• **What you have to do**: Among the entries below, which lines include the string "loại"? Show each one.

• **Data records**:

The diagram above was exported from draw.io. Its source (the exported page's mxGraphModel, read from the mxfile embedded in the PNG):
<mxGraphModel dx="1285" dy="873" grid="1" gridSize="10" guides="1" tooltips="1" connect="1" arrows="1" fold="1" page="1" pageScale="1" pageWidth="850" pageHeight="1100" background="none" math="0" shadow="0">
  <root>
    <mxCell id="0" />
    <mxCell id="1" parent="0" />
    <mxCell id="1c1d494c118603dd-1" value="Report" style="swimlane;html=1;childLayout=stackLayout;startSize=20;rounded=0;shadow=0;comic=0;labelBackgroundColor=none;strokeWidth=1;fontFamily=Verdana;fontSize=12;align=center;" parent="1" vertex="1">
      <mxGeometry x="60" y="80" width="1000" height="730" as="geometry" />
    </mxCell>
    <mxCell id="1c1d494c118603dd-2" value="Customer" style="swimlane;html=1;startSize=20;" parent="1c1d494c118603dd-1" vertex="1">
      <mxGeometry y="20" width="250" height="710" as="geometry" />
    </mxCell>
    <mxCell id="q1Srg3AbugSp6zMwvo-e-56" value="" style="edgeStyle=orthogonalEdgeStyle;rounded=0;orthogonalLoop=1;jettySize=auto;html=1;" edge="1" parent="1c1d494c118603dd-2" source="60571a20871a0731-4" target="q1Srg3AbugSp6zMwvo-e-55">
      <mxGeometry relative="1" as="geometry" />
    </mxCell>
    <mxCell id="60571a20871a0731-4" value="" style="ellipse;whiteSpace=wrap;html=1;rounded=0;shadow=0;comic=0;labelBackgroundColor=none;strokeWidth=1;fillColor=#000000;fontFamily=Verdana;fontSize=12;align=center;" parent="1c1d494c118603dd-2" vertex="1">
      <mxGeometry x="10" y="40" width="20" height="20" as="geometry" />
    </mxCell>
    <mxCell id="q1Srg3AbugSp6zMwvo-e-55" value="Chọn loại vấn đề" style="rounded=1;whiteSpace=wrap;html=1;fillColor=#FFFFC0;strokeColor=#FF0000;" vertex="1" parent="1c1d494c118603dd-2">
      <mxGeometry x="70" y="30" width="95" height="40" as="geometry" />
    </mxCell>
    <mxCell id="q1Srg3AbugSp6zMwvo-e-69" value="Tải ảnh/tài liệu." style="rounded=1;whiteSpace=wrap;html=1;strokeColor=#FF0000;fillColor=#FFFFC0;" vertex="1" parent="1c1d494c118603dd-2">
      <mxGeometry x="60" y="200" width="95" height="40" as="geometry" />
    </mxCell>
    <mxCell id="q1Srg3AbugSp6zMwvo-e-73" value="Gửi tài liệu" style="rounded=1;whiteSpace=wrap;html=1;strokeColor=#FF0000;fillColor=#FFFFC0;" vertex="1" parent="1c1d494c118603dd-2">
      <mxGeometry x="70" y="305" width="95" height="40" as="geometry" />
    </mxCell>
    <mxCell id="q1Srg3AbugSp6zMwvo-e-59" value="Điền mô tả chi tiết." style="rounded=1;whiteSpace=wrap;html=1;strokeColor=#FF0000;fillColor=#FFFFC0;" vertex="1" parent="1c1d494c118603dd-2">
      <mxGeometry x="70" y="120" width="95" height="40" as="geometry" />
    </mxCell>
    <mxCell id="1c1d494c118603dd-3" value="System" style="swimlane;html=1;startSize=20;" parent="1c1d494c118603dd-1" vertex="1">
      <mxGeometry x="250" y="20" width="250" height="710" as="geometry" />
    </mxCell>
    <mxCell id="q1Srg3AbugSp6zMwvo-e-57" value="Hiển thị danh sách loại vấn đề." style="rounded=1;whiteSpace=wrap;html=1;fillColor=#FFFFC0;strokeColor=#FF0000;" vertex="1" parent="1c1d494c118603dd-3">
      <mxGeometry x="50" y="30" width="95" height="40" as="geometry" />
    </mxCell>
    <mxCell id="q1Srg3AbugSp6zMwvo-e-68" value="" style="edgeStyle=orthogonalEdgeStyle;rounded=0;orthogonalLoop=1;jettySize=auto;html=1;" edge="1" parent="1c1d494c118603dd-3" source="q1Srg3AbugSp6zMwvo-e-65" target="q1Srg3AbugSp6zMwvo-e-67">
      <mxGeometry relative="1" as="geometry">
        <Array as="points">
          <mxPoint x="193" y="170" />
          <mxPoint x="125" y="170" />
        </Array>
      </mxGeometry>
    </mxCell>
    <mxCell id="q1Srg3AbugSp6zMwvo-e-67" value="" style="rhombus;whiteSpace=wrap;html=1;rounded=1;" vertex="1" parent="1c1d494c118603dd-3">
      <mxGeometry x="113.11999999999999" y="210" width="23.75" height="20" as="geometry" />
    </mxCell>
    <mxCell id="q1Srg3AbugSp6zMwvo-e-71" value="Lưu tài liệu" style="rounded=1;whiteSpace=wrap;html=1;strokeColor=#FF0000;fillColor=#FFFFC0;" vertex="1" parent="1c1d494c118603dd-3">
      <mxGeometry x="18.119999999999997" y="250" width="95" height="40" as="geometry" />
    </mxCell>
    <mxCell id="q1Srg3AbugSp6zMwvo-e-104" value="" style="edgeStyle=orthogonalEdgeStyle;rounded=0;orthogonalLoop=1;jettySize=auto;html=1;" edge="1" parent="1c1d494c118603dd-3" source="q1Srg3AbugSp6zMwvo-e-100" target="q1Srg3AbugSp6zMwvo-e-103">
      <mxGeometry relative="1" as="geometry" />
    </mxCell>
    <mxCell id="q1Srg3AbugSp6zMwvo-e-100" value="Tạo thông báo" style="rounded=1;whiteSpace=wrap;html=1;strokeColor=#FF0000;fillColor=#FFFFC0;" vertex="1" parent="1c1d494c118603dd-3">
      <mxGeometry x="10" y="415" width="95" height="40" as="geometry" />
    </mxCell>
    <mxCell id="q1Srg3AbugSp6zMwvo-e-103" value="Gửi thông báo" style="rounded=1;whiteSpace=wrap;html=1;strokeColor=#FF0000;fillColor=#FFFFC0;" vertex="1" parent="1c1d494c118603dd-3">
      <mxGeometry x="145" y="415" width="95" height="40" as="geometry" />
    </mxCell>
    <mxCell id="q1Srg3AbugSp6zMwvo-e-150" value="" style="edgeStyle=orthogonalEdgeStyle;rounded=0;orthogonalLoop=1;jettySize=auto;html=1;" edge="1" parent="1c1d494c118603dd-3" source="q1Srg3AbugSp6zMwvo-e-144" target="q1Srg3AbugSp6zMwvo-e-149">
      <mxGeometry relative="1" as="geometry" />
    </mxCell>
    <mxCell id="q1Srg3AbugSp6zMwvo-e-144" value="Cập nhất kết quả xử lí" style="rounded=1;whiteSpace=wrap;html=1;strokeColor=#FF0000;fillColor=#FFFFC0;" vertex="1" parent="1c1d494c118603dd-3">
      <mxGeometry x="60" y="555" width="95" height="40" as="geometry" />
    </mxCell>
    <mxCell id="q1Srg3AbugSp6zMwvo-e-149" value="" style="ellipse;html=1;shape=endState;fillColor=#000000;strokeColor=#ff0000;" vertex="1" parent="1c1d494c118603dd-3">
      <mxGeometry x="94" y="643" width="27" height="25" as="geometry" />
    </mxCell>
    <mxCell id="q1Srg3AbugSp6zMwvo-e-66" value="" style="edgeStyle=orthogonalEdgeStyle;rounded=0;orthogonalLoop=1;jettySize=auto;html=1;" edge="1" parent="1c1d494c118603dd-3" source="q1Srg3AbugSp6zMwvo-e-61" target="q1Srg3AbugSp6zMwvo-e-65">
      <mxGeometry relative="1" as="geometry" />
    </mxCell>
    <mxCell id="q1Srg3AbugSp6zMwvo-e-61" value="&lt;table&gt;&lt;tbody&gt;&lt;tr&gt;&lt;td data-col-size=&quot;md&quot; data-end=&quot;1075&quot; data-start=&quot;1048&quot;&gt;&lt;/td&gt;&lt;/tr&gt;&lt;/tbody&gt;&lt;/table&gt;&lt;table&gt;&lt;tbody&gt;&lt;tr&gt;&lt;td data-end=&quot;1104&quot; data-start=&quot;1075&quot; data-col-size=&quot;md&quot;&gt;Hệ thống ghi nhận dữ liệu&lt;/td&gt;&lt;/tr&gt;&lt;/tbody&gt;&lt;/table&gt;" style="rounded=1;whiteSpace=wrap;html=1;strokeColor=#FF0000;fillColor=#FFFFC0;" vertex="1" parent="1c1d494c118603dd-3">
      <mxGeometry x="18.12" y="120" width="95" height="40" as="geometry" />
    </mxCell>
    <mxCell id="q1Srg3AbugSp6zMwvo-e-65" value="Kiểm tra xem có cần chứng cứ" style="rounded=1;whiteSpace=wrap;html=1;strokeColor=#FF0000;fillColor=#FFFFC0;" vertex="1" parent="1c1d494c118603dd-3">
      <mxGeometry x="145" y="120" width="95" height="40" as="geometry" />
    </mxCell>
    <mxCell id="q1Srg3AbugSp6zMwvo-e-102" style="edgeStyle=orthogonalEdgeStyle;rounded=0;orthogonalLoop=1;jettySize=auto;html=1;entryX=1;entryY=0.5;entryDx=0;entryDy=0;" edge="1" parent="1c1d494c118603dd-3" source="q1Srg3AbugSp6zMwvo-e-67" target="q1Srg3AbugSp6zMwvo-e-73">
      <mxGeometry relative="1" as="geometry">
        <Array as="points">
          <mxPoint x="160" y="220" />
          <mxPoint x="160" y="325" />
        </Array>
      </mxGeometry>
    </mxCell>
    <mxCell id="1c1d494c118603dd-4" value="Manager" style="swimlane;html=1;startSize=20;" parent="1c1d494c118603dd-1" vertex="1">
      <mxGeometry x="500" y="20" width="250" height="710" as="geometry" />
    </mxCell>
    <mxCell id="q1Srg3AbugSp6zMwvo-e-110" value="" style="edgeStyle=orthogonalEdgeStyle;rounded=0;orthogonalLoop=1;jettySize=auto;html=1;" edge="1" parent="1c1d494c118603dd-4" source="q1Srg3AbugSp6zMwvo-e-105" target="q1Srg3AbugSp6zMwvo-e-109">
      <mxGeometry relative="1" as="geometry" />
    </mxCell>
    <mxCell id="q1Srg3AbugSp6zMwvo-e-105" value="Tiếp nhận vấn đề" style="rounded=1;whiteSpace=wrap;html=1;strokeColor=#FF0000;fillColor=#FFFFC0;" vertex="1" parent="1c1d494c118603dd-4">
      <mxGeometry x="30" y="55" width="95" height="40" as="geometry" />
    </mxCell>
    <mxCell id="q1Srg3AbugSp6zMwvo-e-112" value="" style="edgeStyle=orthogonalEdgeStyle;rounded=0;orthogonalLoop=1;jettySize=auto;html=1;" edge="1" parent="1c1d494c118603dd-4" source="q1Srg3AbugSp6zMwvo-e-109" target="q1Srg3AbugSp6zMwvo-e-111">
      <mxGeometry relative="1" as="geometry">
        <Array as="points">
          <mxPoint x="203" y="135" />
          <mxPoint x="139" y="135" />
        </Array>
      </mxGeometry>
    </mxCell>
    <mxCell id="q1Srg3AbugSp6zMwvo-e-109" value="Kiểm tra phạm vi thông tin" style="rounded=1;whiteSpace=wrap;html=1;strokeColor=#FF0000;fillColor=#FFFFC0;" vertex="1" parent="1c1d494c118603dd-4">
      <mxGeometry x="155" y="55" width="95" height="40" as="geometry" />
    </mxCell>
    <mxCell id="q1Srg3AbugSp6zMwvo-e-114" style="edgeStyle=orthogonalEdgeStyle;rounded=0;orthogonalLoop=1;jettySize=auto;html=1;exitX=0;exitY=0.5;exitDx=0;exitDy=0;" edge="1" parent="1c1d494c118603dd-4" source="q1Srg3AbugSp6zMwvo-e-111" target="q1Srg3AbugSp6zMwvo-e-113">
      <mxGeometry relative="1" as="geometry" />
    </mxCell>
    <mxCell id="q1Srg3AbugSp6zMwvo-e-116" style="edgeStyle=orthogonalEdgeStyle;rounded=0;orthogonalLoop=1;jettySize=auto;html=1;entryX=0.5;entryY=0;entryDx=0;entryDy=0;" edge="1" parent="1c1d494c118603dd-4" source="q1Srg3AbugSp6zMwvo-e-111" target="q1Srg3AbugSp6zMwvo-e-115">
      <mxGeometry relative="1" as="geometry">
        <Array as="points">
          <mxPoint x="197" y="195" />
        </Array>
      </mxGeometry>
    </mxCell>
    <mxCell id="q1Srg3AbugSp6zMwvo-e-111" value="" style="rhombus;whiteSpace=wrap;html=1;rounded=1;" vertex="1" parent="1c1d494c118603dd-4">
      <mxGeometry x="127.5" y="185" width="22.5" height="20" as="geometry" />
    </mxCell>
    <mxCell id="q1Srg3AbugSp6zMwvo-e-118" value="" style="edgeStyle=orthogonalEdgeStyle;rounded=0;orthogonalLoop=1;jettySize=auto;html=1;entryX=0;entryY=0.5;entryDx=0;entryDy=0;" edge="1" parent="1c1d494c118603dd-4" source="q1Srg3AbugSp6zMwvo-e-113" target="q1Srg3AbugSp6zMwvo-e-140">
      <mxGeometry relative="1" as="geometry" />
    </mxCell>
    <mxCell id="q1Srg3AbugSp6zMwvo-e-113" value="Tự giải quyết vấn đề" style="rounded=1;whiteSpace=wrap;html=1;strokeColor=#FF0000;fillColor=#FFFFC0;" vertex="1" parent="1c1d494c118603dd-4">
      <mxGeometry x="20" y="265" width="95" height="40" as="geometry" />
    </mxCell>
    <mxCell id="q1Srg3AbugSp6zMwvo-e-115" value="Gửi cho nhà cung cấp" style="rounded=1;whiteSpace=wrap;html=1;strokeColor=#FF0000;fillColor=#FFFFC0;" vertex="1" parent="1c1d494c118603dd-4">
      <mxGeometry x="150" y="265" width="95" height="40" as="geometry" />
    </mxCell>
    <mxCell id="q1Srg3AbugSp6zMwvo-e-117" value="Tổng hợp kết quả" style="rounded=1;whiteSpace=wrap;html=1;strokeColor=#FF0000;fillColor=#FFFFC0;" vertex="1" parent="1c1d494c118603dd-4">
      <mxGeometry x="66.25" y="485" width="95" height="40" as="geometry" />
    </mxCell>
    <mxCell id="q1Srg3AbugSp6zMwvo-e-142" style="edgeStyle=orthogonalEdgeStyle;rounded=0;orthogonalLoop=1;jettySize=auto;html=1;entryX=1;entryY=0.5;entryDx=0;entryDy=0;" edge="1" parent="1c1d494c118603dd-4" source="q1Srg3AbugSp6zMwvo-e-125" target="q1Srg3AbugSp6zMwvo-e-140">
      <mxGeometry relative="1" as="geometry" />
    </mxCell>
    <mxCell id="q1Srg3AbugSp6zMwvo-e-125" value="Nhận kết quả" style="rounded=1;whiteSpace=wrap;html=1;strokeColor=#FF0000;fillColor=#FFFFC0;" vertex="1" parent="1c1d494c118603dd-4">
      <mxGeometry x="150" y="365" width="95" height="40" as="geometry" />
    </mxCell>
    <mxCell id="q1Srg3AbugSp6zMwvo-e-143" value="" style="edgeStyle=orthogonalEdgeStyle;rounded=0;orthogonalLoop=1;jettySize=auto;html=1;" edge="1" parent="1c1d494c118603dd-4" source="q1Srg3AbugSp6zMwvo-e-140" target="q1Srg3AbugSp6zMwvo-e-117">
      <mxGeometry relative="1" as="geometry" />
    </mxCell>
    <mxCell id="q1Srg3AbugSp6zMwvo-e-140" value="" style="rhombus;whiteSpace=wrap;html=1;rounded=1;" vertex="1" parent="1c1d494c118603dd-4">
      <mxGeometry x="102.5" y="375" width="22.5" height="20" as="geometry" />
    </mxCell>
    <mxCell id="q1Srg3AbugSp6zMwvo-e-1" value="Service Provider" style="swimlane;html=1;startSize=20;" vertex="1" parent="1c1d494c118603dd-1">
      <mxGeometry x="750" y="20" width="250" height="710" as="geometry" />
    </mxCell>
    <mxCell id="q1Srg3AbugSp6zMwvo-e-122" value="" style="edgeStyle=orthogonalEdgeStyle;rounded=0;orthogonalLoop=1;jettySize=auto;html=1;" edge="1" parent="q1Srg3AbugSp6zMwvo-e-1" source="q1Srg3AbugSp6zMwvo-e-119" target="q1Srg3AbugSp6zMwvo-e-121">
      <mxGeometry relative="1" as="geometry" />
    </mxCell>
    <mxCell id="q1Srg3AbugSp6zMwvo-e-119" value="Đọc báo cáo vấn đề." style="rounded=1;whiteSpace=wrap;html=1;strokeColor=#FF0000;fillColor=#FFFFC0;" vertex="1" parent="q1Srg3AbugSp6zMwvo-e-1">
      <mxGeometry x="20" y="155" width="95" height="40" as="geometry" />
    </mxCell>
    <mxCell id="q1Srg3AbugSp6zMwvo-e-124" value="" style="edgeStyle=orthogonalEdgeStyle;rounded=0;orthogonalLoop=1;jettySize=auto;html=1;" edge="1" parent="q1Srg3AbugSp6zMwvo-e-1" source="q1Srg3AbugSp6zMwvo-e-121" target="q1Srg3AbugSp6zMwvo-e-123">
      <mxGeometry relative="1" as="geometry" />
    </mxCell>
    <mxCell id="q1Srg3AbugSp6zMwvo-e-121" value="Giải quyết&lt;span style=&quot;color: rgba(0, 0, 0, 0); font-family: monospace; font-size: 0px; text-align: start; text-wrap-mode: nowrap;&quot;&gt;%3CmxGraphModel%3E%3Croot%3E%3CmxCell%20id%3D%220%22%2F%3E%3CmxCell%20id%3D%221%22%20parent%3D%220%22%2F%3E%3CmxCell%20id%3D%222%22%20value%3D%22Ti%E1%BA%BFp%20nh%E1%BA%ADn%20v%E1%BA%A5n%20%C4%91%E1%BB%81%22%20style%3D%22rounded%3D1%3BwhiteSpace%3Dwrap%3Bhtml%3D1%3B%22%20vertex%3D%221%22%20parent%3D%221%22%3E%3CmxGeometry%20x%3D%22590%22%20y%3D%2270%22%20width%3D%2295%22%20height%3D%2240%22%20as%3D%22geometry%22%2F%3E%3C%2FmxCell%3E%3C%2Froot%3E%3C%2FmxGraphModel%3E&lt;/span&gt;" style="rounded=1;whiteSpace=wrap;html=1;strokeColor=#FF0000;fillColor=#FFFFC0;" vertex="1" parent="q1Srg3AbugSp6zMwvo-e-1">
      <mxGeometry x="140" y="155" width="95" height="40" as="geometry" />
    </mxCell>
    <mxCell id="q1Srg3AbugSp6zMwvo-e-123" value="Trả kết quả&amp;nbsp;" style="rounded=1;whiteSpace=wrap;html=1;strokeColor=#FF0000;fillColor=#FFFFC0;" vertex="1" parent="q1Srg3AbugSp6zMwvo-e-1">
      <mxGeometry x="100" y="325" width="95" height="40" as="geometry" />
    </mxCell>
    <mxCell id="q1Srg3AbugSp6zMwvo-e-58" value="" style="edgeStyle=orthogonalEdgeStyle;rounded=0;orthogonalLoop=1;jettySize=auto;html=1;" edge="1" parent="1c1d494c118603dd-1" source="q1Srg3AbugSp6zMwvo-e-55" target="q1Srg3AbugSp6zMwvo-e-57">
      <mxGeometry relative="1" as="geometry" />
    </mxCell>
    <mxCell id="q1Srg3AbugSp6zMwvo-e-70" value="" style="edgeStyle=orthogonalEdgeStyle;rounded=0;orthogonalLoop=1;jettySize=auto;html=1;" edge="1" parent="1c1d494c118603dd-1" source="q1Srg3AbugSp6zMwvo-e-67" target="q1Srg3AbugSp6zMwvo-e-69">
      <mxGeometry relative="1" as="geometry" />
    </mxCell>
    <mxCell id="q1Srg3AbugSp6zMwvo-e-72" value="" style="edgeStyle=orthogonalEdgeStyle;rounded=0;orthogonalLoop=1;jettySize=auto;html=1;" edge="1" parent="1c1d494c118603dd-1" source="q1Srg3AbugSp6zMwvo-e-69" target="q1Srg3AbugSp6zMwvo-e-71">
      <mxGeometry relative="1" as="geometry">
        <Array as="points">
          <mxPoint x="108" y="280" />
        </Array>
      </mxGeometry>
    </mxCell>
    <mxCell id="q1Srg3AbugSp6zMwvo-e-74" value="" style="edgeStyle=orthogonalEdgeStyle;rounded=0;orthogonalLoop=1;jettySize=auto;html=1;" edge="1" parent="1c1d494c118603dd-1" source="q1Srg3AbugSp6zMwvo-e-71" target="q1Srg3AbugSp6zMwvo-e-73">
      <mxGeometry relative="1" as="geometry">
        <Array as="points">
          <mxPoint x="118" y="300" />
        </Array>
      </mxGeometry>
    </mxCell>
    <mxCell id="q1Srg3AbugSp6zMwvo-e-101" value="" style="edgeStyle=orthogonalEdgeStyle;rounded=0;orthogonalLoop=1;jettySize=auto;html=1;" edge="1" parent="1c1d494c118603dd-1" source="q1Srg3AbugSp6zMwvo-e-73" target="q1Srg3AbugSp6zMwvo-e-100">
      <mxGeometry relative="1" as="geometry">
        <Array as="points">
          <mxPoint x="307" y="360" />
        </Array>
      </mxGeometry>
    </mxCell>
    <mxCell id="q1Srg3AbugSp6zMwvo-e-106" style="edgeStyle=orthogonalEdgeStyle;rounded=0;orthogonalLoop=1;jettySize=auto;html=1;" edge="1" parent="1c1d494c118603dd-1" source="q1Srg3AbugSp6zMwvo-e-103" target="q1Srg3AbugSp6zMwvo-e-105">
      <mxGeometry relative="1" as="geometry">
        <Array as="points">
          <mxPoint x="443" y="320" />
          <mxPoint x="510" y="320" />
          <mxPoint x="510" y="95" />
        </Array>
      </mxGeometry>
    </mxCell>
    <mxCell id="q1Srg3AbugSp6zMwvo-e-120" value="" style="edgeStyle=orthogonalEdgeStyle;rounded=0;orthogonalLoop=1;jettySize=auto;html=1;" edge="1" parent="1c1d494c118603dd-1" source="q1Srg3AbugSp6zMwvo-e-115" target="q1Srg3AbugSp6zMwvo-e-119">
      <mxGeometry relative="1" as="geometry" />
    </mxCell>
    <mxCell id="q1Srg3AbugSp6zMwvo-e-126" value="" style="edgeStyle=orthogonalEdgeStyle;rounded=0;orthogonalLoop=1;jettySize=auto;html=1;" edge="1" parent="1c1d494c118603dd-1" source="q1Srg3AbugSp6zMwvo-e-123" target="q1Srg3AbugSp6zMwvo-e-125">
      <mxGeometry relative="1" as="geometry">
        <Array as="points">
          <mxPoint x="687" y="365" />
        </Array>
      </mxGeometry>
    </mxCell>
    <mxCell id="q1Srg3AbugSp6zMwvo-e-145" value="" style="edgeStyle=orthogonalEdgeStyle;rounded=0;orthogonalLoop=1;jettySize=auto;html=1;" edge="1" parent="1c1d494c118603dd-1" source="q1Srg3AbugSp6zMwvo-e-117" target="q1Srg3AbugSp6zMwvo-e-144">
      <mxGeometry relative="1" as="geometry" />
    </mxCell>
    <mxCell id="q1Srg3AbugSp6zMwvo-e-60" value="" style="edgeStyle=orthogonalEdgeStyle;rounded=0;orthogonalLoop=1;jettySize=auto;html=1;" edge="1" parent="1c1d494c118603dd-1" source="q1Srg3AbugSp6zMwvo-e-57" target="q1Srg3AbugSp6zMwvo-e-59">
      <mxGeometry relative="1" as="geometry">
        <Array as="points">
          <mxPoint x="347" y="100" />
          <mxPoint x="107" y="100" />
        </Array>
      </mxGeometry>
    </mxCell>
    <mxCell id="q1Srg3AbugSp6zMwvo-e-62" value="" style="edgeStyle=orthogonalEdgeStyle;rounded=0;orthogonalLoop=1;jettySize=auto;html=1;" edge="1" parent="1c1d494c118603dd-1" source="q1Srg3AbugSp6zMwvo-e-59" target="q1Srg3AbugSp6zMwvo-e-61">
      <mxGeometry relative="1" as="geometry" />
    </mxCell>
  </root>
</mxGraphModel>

• **Exercise answer**:
    <mxCell id="q1Srg3AbugSp6zMwvo-e-55" value="Chọn loại vấn đề" style="rounded=1;whiteSpace=wrap;html=1;fillColor=#FFFFC0;strokeColor=#FF0000;" vertex="1" parent="1c1d494c118603dd-2">
    <mxCell id="q1Srg3AbugSp6zMwvo-e-57" value="Hiển thị danh sách loại vấn đề." style="rounded=1;whiteSpace=wrap;html=1;fillColor=#FFFFC0;strokeColor=#FF0000;" vertex="1" parent="1c1d494c118603dd-3">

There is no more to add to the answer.